Best practice for Singapore companies, particularly those with international operations or investors, is to establish a formal whistleblowing policy that provides clear channels for reporting concerns (including anonymous reporting), protects whistleblowers from retaliation, establishes investigation procedures for reported concerns, and documents outcomes and corrective actions. While not legally required for private companies, having a whistleblowing policy signals good corporate governance and can help detect problems before they escalate into regulatory violations.

Intellectual Property Protection

Singapore provides robust intellectual property protection through the Intellectual Property Office of Singapore (IPOS). Companies can register patents (20-year protection), trademarks (10-year renewable), registered designs (15-year maximum), and plant varieties. Singapore is a signatory to major international IP treaties including the Paris Convention, the Patent Cooperation Treaty (PCT), and the Madrid Protocol for trademarks.

For technology companies and businesses with proprietary products, registering IP in Singapore provides legal protection that is enforceable through Singapore's efficient court system. The IP registration process is straightforward and can be completed online through IPOS's digital platform.

For companies that hold significant IP, Singapore's IP Development Incentive provides concessionary tax rates of 5% to 10% on qualifying IP income. See our guide on Singapore tax incentives for startups for details.

Conclusion

Singapore's compliance framework is structured, predictable, and increasingly digital. The key annual obligations for a standard Pte Ltd are holding the AGM (or passing a written resolution), filing the annual return with ACRA, preparing financial statements, and filing tax returns with IRAS. The small company audit exemption provides significant cost relief for most startups and SMEs. Beyond these core requirements, companies must maintain awareness of the PDPA, AML/CFT obligations, competition law, and any industry-specific regulations that apply to their business activities. Engaging a qualified company secretary and accountant ensures that these obligations are met on time and correctly, protecting the company and its directors from penalties and reputational damage.
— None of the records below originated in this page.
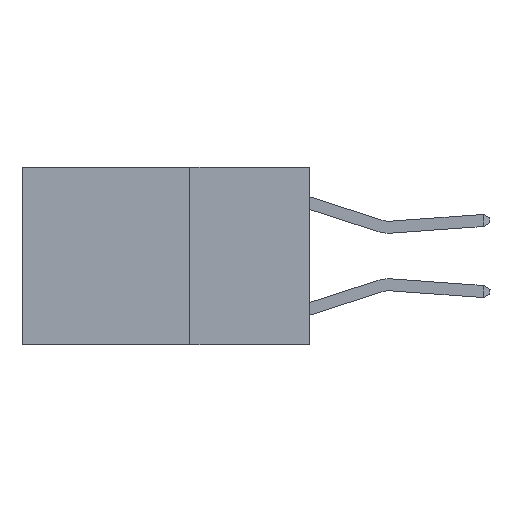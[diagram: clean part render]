
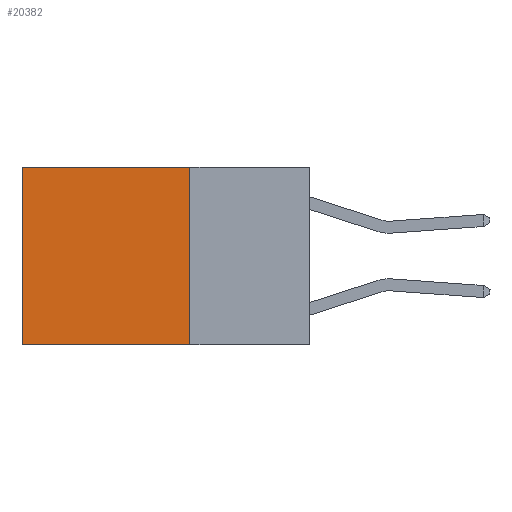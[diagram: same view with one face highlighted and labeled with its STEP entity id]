
A CAD part, left-side view. The second image highlights one B-rep face of the part: STEP entity #20382.
In plain terms, the highlighted planar face has unit normal (-1, 0, 0).
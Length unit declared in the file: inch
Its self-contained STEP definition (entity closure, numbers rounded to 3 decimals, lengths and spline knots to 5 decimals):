
#533 = VERTEX_POINT ( 'NONE', #4999 ) ;
#788 = PLANE ( 'NONE',  #25229 ) ;
#1667 = LINE ( 'NONE', #12451, #21336 ) ;
#1878 = LINE ( 'NONE', #17025, #21306 ) ;
#2861 = LINE ( 'NONE', #4998, #4968 ) ;
#3284 = EDGE_LOOP ( 'NONE', ( #20210, #12112, #8205, #14274 ) ) ;
#3527 = LINE ( 'NONE', #20794, #27763 ) ;
#4647 = EDGE_CURVE ( 'NONE', #10671, #533, #1667, .T. ) ;
#4968 = VECTOR ( 'NONE', #11514, 39.37008 ) ;
#4998 = CARTESIAN_POINT ( 'NONE',  ( 0.2625, 0.6, 0. ) ) ;
#4999 = CARTESIAN_POINT ( 'NONE',  ( 0.2625, 0.25, -0.37 ) ) ;
#8091 = EDGE_CURVE ( 'NONE', #10671, #26003, #1878, .T. ) ;
#8205 = ORIENTED_EDGE ( 'NONE', *, *, #4647, .F. ) ;
#10469 = DIRECTION ( 'NONE',  ( 0., 1., 0. ) ) ;
#10671 = VERTEX_POINT ( 'NONE', #18502 ) ;
#10900 = CARTESIAN_POINT ( 'NONE',  ( 0.2625, 0.6, 0. ) ) ;
#11514 = DIRECTION ( 'NONE',  ( 0., 0., -1. ) ) ;
#12112 = ORIENTED_EDGE ( 'NONE', *, *, #27136, .F. ) ;
#12451 = CARTESIAN_POINT ( 'NONE',  ( 0.2625, 0.25, 0. ) ) ;
#13830 = CARTESIAN_POINT ( 'NONE',  ( 0.2625, 0.25, 0. ) ) ;
#14274 = ORIENTED_EDGE ( 'NONE', *, *, #8091, .T. ) ;
#15683 = FACE_OUTER_BOUND ( 'NONE', #3284, .T. ) ;
#17025 = CARTESIAN_POINT ( 'NONE',  ( 0.2625, 0.25, 0. ) ) ;
#17937 = DIRECTION ( 'NONE',  ( 0., 0., -1. ) ) ;
#18502 = CARTESIAN_POINT ( 'NONE',  ( 0.2625, 0.25, 0. ) ) ;
#20210 = ORIENTED_EDGE ( 'NONE', *, *, #22413, .T. ) ;
#20382 = ADVANCED_FACE ( 'NONE', ( #15683 ), #788, .F. ) ;
#20794 = CARTESIAN_POINT ( 'NONE',  ( 0.2625, 0.25, -0.37 ) ) ;
#21072 = DIRECTION ( 'NONE',  ( 0., 0., -1. ) ) ;
#21224 = CARTESIAN_POINT ( 'NONE',  ( 0.2625, 0.6, -0.37 ) ) ;
#21306 = VECTOR ( 'NONE', #25677, 39.37008 ) ;
#21336 = VECTOR ( 'NONE', #21072, 39.37008 ) ;
#21761 = VERTEX_POINT ( 'NONE', #21224 ) ;
#22413 = EDGE_CURVE ( 'NONE', #26003, #21761, #2861, .T. ) ;
#24586 = DIRECTION ( 'NONE',  ( 1., 0., 0. ) ) ;
#25229 = AXIS2_PLACEMENT_3D ( 'NONE', #13830, #24586, #17937 ) ;
#25677 = DIRECTION ( 'NONE',  ( 0., 1., 0. ) ) ;
#26003 = VERTEX_POINT ( 'NONE', #10900 ) ;
#27136 = EDGE_CURVE ( 'NONE', #533, #21761, #3527, .T. ) ;
#27763 = VECTOR ( 'NONE', #10469, 39.37008 ) ;
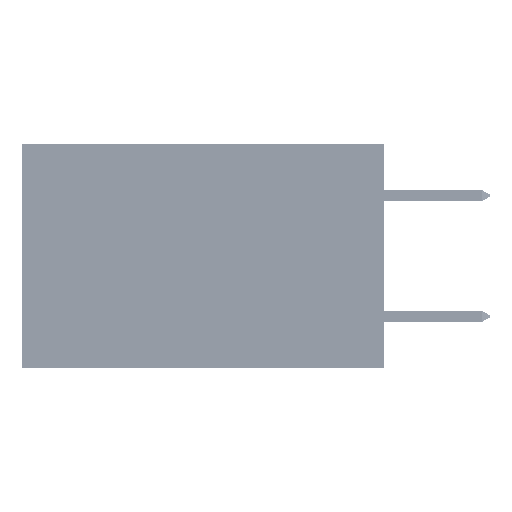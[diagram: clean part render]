
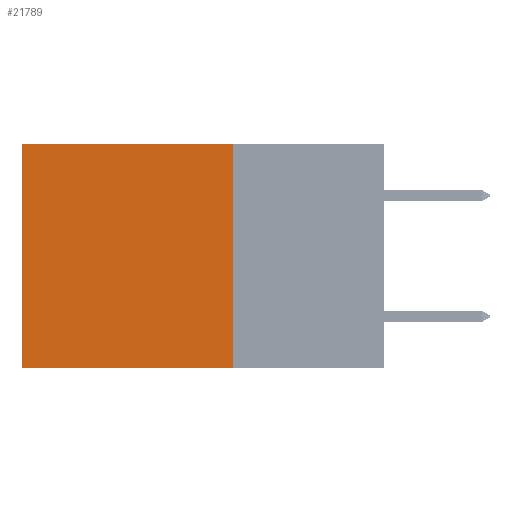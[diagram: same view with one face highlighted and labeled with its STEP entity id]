
A CAD part, left-side view. The second image highlights one B-rep face of the part: STEP entity #21789.
In plain terms, the highlighted planar face has unit normal (-1, 0, 0).
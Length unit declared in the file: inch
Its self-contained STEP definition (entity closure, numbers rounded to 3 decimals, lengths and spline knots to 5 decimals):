
#695 = ORIENTED_EDGE ( 'NONE', *, *, #42039, .T. ) ;
#1182 = VECTOR ( 'NONE', #9158, 39.37008 ) ;
#1398 = DIRECTION ( 'NONE',  ( 0., 1., 0. ) ) ;
#4452 = ORIENTED_EDGE ( 'NONE', *, *, #6993, .T. ) ;
#5292 = EDGE_CURVE ( 'NONE', #37169, #43508, #27434, .T. ) ;
#5573 = CARTESIAN_POINT ( 'NONE',  ( 0.2875, 0.25, 0. ) ) ;
#5742 = CARTESIAN_POINT ( 'NONE',  ( 0.2875, 0.25, 0. ) ) ;
#6723 = ORIENTED_EDGE ( 'NONE', *, *, #9416, .F. ) ;
#6993 = EDGE_CURVE ( 'NONE', #26703, #14465, #40642, .T. ) ;
#8527 = VECTOR ( 'NONE', #34752, 39.37008 ) ;
#8702 = DIRECTION ( 'NONE',  ( 0., 0., -1. ) ) ;
#8930 = LINE ( 'NONE', #22814, #25578 ) ;
#9158 = DIRECTION ( 'NONE',  ( 0., 0., -1. ) ) ;
#9416 = EDGE_CURVE ( 'NONE', #26703, #37169, #10590, .T. ) ;
#9745 = CARTESIAN_POINT ( 'NONE',  ( 0.2875, 0.25, -0.37 ) ) ;
#10570 = CARTESIAN_POINT ( 'NONE',  ( 0.2875, 0.6, 0. ) ) ;
#10590 = LINE ( 'NONE', #5573, #1182 ) ;
#12317 = VECTOR ( 'NONE', #1398, 39.37008 ) ;
#14465 = VERTEX_POINT ( 'NONE', #10570 ) ;
#20741 = ORIENTED_EDGE ( 'NONE', *, *, #5292, .F. ) ;
#21789 = ADVANCED_FACE ( 'NONE', ( #25027 ), #40375, .F. ) ;
#22814 = CARTESIAN_POINT ( 'NONE',  ( 0.2875, 0.6, 0. ) ) ;
#25027 = FACE_OUTER_BOUND ( 'NONE', #33649, .T. ) ;
#25578 = VECTOR ( 'NONE', #8702, 39.37008 ) ;
#26131 = DIRECTION ( 'NONE',  ( 1., 0., 0. ) ) ;
#26266 = CARTESIAN_POINT ( 'NONE',  ( 0.2875, 0.25, 0. ) ) ;
#26703 = VERTEX_POINT ( 'NONE', #5742 ) ;
#27075 = CARTESIAN_POINT ( 'NONE',  ( 0.2875, 0.6, -0.37 ) ) ;
#27434 = LINE ( 'NONE', #9745, #8527 ) ;
#29019 = CARTESIAN_POINT ( 'NONE',  ( 0.2875, 0.25, -0.37 ) ) ;
#30603 = AXIS2_PLACEMENT_3D ( 'NONE', #36819, #26131, #43946 ) ;
#33649 = EDGE_LOOP ( 'NONE', ( #695, #20741, #6723, #4452 ) ) ;
#34752 = DIRECTION ( 'NONE',  ( 0., 1., 0. ) ) ;
#36819 = CARTESIAN_POINT ( 'NONE',  ( 0.2875, 0.25, 0. ) ) ;
#37169 = VERTEX_POINT ( 'NONE', #29019 ) ;
#40375 = PLANE ( 'NONE',  #30603 ) ;
#40642 = LINE ( 'NONE', #26266, #12317 ) ;
#42039 = EDGE_CURVE ( 'NONE', #14465, #43508, #8930, .T. ) ;
#43508 = VERTEX_POINT ( 'NONE', #27075 ) ;
#43946 = DIRECTION ( 'NONE',  ( 0., 0., -1. ) ) ;
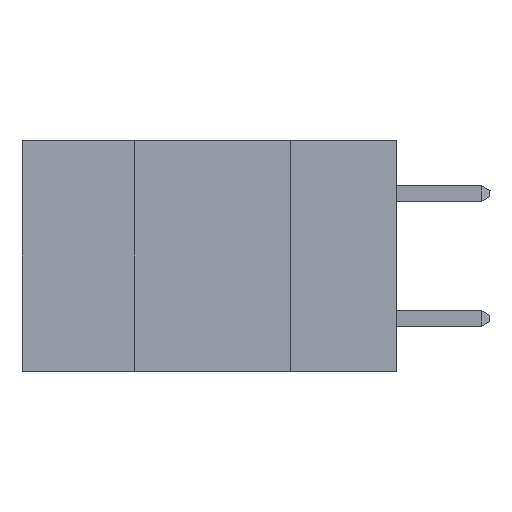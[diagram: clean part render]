
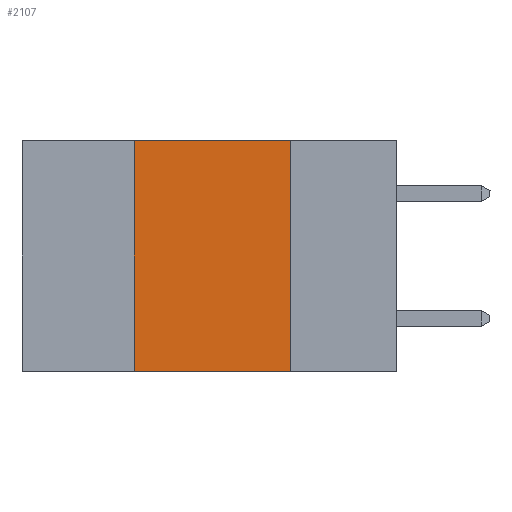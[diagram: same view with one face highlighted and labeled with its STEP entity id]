
A CAD part, left-side view. The second image highlights one B-rep face of the part: STEP entity #2107.
In plain terms, the highlighted planar face has unit normal (-1, 0, 0).
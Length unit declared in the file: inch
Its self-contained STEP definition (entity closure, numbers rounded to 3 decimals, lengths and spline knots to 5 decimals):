
#322 = DIRECTION ( 'NONE',  ( 1., 0., 0. ) ) ;
#854 = ORIENTED_EDGE ( 'NONE', *, *, #7171, .T. ) ;
#1192 = LINE ( 'NONE', #7652, #5998 ) ;
#1414 = EDGE_CURVE ( 'NONE', #10347, #11377, #9632, .T. ) ;
#1990 = EDGE_CURVE ( 'NONE', #11377, #9315, #1192, .T. ) ;
#2107 = ADVANCED_FACE ( 'NONE', ( #11791 ), #7972, .F. ) ;
#2424 = DIRECTION ( 'NONE',  ( 0., 0., 1. ) ) ;
#3333 = DIRECTION ( 'NONE',  ( 0., -1., 0. ) ) ;
#3686 = ORIENTED_EDGE ( 'NONE', *, *, #7414, .F. ) ;
#5871 = CARTESIAN_POINT ( 'NONE',  ( 0., 0.17, -0.37 ) ) ;
#5998 = VECTOR ( 'NONE', #6231, 39.37008 ) ;
#6231 = DIRECTION ( 'NONE',  ( 0., 0., -1. ) ) ;
#6292 = EDGE_LOOP ( 'NONE', ( #9925, #6657, #3686, #854 ) ) ;
#6458 = AXIS2_PLACEMENT_3D ( 'NONE', #7959, #322, #9516 ) ;
#6462 = VERTEX_POINT ( 'NONE', #6986 ) ;
#6657 = ORIENTED_EDGE ( 'NONE', *, *, #1414, .F. ) ;
#6828 = DIRECTION ( 'NONE',  ( 0., -1., 0. ) ) ;
#6986 = CARTESIAN_POINT ( 'NONE',  ( 0., 0.42, -0.37 ) ) ;
#7071 = LINE ( 'NONE', #7666, #11541 ) ;
#7171 = EDGE_CURVE ( 'NONE', #6462, #9315, #7071, .T. ) ;
#7221 = VECTOR ( 'NONE', #3333, 39.37008 ) ;
#7414 = EDGE_CURVE ( 'NONE', #6462, #10347, #11668, .T. ) ;
#7652 = CARTESIAN_POINT ( 'NONE',  ( 0., 0.17, 0. ) ) ;
#7666 = CARTESIAN_POINT ( 'NONE',  ( 0., 0.6, -0.37 ) ) ;
#7959 = CARTESIAN_POINT ( 'NONE',  ( 0., 0.6, 0. ) ) ;
#7972 = PLANE ( 'NONE',  #6458 ) ;
#8032 = CARTESIAN_POINT ( 'NONE',  ( 0., 0.6, 0. ) ) ;
#9208 = CARTESIAN_POINT ( 'NONE',  ( 0., 0.42, 0. ) ) ;
#9315 = VERTEX_POINT ( 'NONE', #5871 ) ;
#9516 = DIRECTION ( 'NONE',  ( 0., 0., -1. ) ) ;
#9632 = LINE ( 'NONE', #8032, #7221 ) ;
#9925 = ORIENTED_EDGE ( 'NONE', *, *, #1990, .F. ) ;
#10347 = VERTEX_POINT ( 'NONE', #11912 ) ;
#10685 = CARTESIAN_POINT ( 'NONE',  ( 0., 0.17, 0. ) ) ;
#11116 = VECTOR ( 'NONE', #2424, 39.37008 ) ;
#11377 = VERTEX_POINT ( 'NONE', #10685 ) ;
#11541 = VECTOR ( 'NONE', #6828, 39.37008 ) ;
#11668 = LINE ( 'NONE', #9208, #11116 ) ;
#11791 = FACE_OUTER_BOUND ( 'NONE', #6292, .T. ) ;
#11912 = CARTESIAN_POINT ( 'NONE',  ( 0., 0.42, 0. ) ) ;
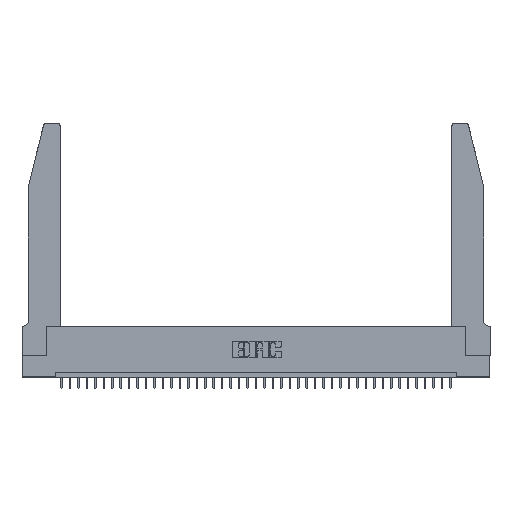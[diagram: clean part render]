
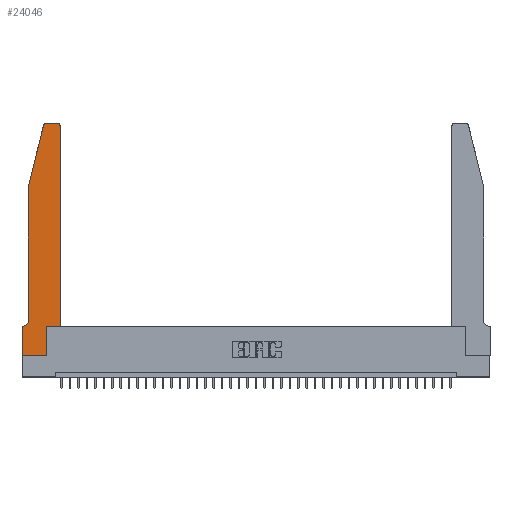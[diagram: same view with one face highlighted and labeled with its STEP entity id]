
A CAD part, top view. The second image highlights one B-rep face of the part: STEP entity #24046.
In plain terms, the highlighted planar face has unit normal (0, 0, 1).
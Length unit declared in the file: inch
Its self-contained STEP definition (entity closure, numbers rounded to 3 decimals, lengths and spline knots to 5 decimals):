
#142 = LINE ( 'NONE', #3355, #29445 ) ;
#726 = CARTESIAN_POINT ( 'NONE',  ( 0.25487, 2.72718, 0.37 ) ) ;
#1227 = CARTESIAN_POINT ( 'NONE',  ( 0., 0., 0.37 ) ) ;
#1299 = LINE ( 'NONE', #32333, #2559 ) ;
#2166 = CARTESIAN_POINT ( 'NONE',  ( 0.4205, 2.72, 0.37 ) ) ;
#2559 = VECTOR ( 'NONE', #26123, 39.37008 ) ;
#2722 = CARTESIAN_POINT ( 'NONE',  ( 0.0755, 2., 0.37 ) ) ;
#3355 = CARTESIAN_POINT ( 'NONE',  ( 0., 0., 0.37 ) ) ;
#3810 = CARTESIAN_POINT ( 'NONE',  ( 0.284, 2.72, 0.37 ) ) ;
#3928 = ORIENTED_EDGE ( 'NONE', *, *, #5299, .T. ) ;
#4981 = ORIENTED_EDGE ( 'NONE', *, *, #7797, .T. ) ;
#5299 = EDGE_CURVE ( 'NONE', #8793, #39403, #18408, .T. ) ;
#5305 = PLANE ( 'NONE',  #31389 ) ;
#5561 = DIRECTION ( 'NONE',  ( 0., -1., 0. ) ) ;
#5621 = LINE ( 'NONE', #36026, #32201 ) ;
#6312 = DIRECTION ( 'NONE',  ( -1., 0., 0. ) ) ;
#6763 = VECTOR ( 'NONE', #9050, 39.37008 ) ;
#7021 = VERTEX_POINT ( 'NONE', #34832 ) ;
#7797 = EDGE_CURVE ( 'NONE', #34883, #38277, #14395, .T. ) ;
#8221 = CARTESIAN_POINT ( 'NONE',  ( 0.4505, 2.72, 0.37 ) ) ;
#8330 = EDGE_CURVE ( 'NONE', #9193, #21007, #1299, .T. ) ;
#8633 = DIRECTION ( 'NONE',  ( 1., 0., 0. ) ) ;
#8657 = ORIENTED_EDGE ( 'NONE', *, *, #28301, .T. ) ;
#8711 = AXIS2_PLACEMENT_3D ( 'NONE', #3810, #9446, #21633 ) ;
#8793 = VERTEX_POINT ( 'NONE', #24988 ) ;
#9033 = EDGE_CURVE ( 'NONE', #7021, #34883, #142, .T. ) ;
#9050 = DIRECTION ( 'NONE',  ( 0., 1., 0. ) ) ;
#9193 = VERTEX_POINT ( 'NONE', #726 ) ;
#9446 = DIRECTION ( 'NONE',  ( 0., 0., 1. ) ) ;
#9771 = VERTEX_POINT ( 'NONE', #16523 ) ;
#10041 = ORIENTED_EDGE ( 'NONE', *, *, #32931, .T. ) ;
#10691 = ORIENTED_EDGE ( 'NONE', *, *, #30852, .T. ) ;
#10991 = DIRECTION ( 'NONE',  ( 0., 0., 1. ) ) ;
#12321 = CARTESIAN_POINT ( 'NONE',  ( 0.0755, 0.35, 0.37 ) ) ;
#13100 = VECTOR ( 'NONE', #6312, 39.37008 ) ;
#13436 = EDGE_CURVE ( 'NONE', #38277, #29615, #23314, .T. ) ;
#13942 = CARTESIAN_POINT ( 'NONE',  ( 0.2865, 0.35, 0.37 ) ) ;
#14345 = ORIENTED_EDGE ( 'NONE', *, *, #30176, .T. ) ;
#14395 = LINE ( 'NONE', #20383, #26173 ) ;
#14526 = CARTESIAN_POINT ( 'NONE',  ( 0., 0.35, 0.37 ) ) ;
#14572 = VERTEX_POINT ( 'NONE', #31988 ) ;
#15012 = DIRECTION ( 'NONE',  ( 1., 0., 0. ) ) ;
#15236 = AXIS2_PLACEMENT_3D ( 'NONE', #18860, #21861, #24850 ) ;
#16220 = VECTOR ( 'NONE', #28917, 39.37008 ) ;
#16523 = CARTESIAN_POINT ( 'NONE',  ( 0.4205, 2.75, 0.37 ) ) ;
#16880 = EDGE_LOOP ( 'NONE', ( #10041, #25218, #32380, #8657, #3928, #14345, #30720, #4981, #37465, #17928, #10691, #30857 ) ) ;
#17928 = ORIENTED_EDGE ( 'NONE', *, *, #36959, .T. ) ;
#18408 = CIRCLE ( 'NONE', #15236, 0.07 ) ;
#18438 = LINE ( 'NONE', #33832, #6763 ) ;
#18860 = CARTESIAN_POINT ( 'NONE',  ( 0.0055, 0.42, 0.37 ) ) ;
#19327 = CARTESIAN_POINT ( 'NONE',  ( 0.2605, 2.75, 0.37 ) ) ;
#19519 = CARTESIAN_POINT ( 'NONE',  ( 0.0055, 0.35, 0.37 ) ) ;
#20383 = CARTESIAN_POINT ( 'NONE',  ( 0., 0., 0.37 ) ) ;
#20386 = EDGE_CURVE ( 'NONE', #32222, #9771, #24131, .T. ) ;
#20992 = DIRECTION ( 'NONE',  ( 0., -1., 0. ) ) ;
#21007 = VERTEX_POINT ( 'NONE', #2722 ) ;
#21080 = CARTESIAN_POINT ( 'NONE',  ( 0.2865, 0., 0.37 ) ) ;
#21633 = DIRECTION ( 'NONE',  ( 1., 0., 0. ) ) ;
#21861 = DIRECTION ( 'NONE',  ( 0., 0., -1. ) ) ;
#23296 = DIRECTION ( 'NONE',  ( 1., 0., 0. ) ) ;
#23314 = LINE ( 'NONE', #13942, #16220 ) ;
#23549 = CARTESIAN_POINT ( 'NONE',  ( 0.0755, 2., 0.37 ) ) ;
#24046 = ADVANCED_FACE ( 'NONE', ( #35317 ), #5305, .T. ) ;
#24131 = CIRCLE ( 'NONE', #29870, 0.03 ) ;
#24850 = DIRECTION ( 'NONE',  ( -1., 0., 0. ) ) ;
#24988 = CARTESIAN_POINT ( 'NONE',  ( 0.0755, 0.42, 0.37 ) ) ;
#25218 = ORIENTED_EDGE ( 'NONE', *, *, #30819, .T. ) ;
#25316 = LINE ( 'NONE', #19327, #33916 ) ;
#25576 = VERTEX_POINT ( 'NONE', #34694 ) ;
#25919 = CIRCLE ( 'NONE', #8711, 0.03 ) ;
#26123 = DIRECTION ( 'NONE',  ( -0.239, -0.971, 0. ) ) ;
#26173 = VECTOR ( 'NONE', #35396, 39.37008 ) ;
#27684 = LINE ( 'NONE', #12321, #13100 ) ;
#28301 = EDGE_CURVE ( 'NONE', #21007, #8793, #29543, .T. ) ;
#28917 = DIRECTION ( 'NONE',  ( 0., 1., 0. ) ) ;
#29445 = VECTOR ( 'NONE', #20992, 39.37008 ) ;
#29543 = LINE ( 'NONE', #23549, #36640 ) ;
#29615 = VERTEX_POINT ( 'NONE', #38348 ) ;
#29693 = DIRECTION ( 'NONE',  ( 0., 0., 1. ) ) ;
#29870 = AXIS2_PLACEMENT_3D ( 'NONE', #2166, #10991, #15012 ) ;
#30176 = EDGE_CURVE ( 'NONE', #39403, #7021, #27684, .T. ) ;
#30720 = ORIENTED_EDGE ( 'NONE', *, *, #9033, .T. ) ;
#30819 = EDGE_CURVE ( 'NONE', #14572, #9193, #25919, .T. ) ;
#30852 = EDGE_CURVE ( 'NONE', #25576, #32222, #18438, .T. ) ;
#30857 = ORIENTED_EDGE ( 'NONE', *, *, #20386, .T. ) ;
#31389 = AXIS2_PLACEMENT_3D ( 'NONE', #14526, #29693, #23296 ) ;
#31988 = CARTESIAN_POINT ( 'NONE',  ( 0.284, 2.75, 0.37 ) ) ;
#32201 = VECTOR ( 'NONE', #8633, 39.37008 ) ;
#32222 = VERTEX_POINT ( 'NONE', #8221 ) ;
#32333 = CARTESIAN_POINT ( 'NONE',  ( 0.0755, 2., 0.37 ) ) ;
#32380 = ORIENTED_EDGE ( 'NONE', *, *, #8330, .T. ) ;
#32931 = EDGE_CURVE ( 'NONE', #9771, #14572, #25316, .T. ) ;
#33832 = CARTESIAN_POINT ( 'NONE',  ( 0.4505, 0.35, 0.37 ) ) ;
#33916 = VECTOR ( 'NONE', #34741, 39.37008 ) ;
#34694 = CARTESIAN_POINT ( 'NONE',  ( 0.4505, 0.35, 0.37 ) ) ;
#34741 = DIRECTION ( 'NONE',  ( -1., 0., 0. ) ) ;
#34832 = CARTESIAN_POINT ( 'NONE',  ( 0., 0.35, 0.37 ) ) ;
#34883 = VERTEX_POINT ( 'NONE', #1227 ) ;
#35317 = FACE_OUTER_BOUND ( 'NONE', #16880, .T. ) ;
#35396 = DIRECTION ( 'NONE',  ( 1., 0., 0. ) ) ;
#36026 = CARTESIAN_POINT ( 'NONE',  ( 0.4505, 0.35, 0.37 ) ) ;
#36640 = VECTOR ( 'NONE', #5561, 39.37008 ) ;
#36959 = EDGE_CURVE ( 'NONE', #29615, #25576, #5621, .T. ) ;
#37465 = ORIENTED_EDGE ( 'NONE', *, *, #13436, .T. ) ;
#38277 = VERTEX_POINT ( 'NONE', #21080 ) ;
#38348 = CARTESIAN_POINT ( 'NONE',  ( 0.2865, 0.35, 0.37 ) ) ;
#39403 = VERTEX_POINT ( 'NONE', #19519 ) ;

Frequently Asked Questions

When must a Singapore company file its annual return with ACRA?

A Singapore company must file its annual return with ACRA within 30 days of holding its Annual General Meeting (AGM). The AGM itself must be held within 6 months after the end of the company's financial year. For example, if your financial year ends on 31 December, you must hold the AGM by 30 June and file the annual return by 30 July. The filing is done electronically through the BizFile+ portal. Late filing attracts penalties starting at SGD 300 and can escalate to prosecution for persistent non-compliance.

What qualifies as a small company exempt from audit in Singapore?

A company qualifies for the small company audit exemption if it meets at least two of the following three criteria for the immediate past two consecutive financial years: total annual revenue not exceeding SGD 10 million, total assets not exceeding SGD 10 million, and number of employees not exceeding 50. A company that is part of a group qualifies only if the group as a whole also meets at least two of these three criteria on a consolidated basis. Exempt private companies that are not part of a group qualify automatically if they meet the revenue threshold alone.

What are the penalties for non-compliance with ACRA requirements?

Penalties vary by the type of non-compliance. Late filing of annual returns incurs an immediate penalty of SGD 300, increasing with further delays. Failure to hold an AGM can result in fines up to SGD 5,000. Directors who fail to ensure the company maintains proper accounting records may be fined up to SGD 5,000 or imprisoned for up to 12 months. For persistent non-compliance, ACRA may strike the company off the register or compound offenses for penalties up to SGD 5,000 per offense.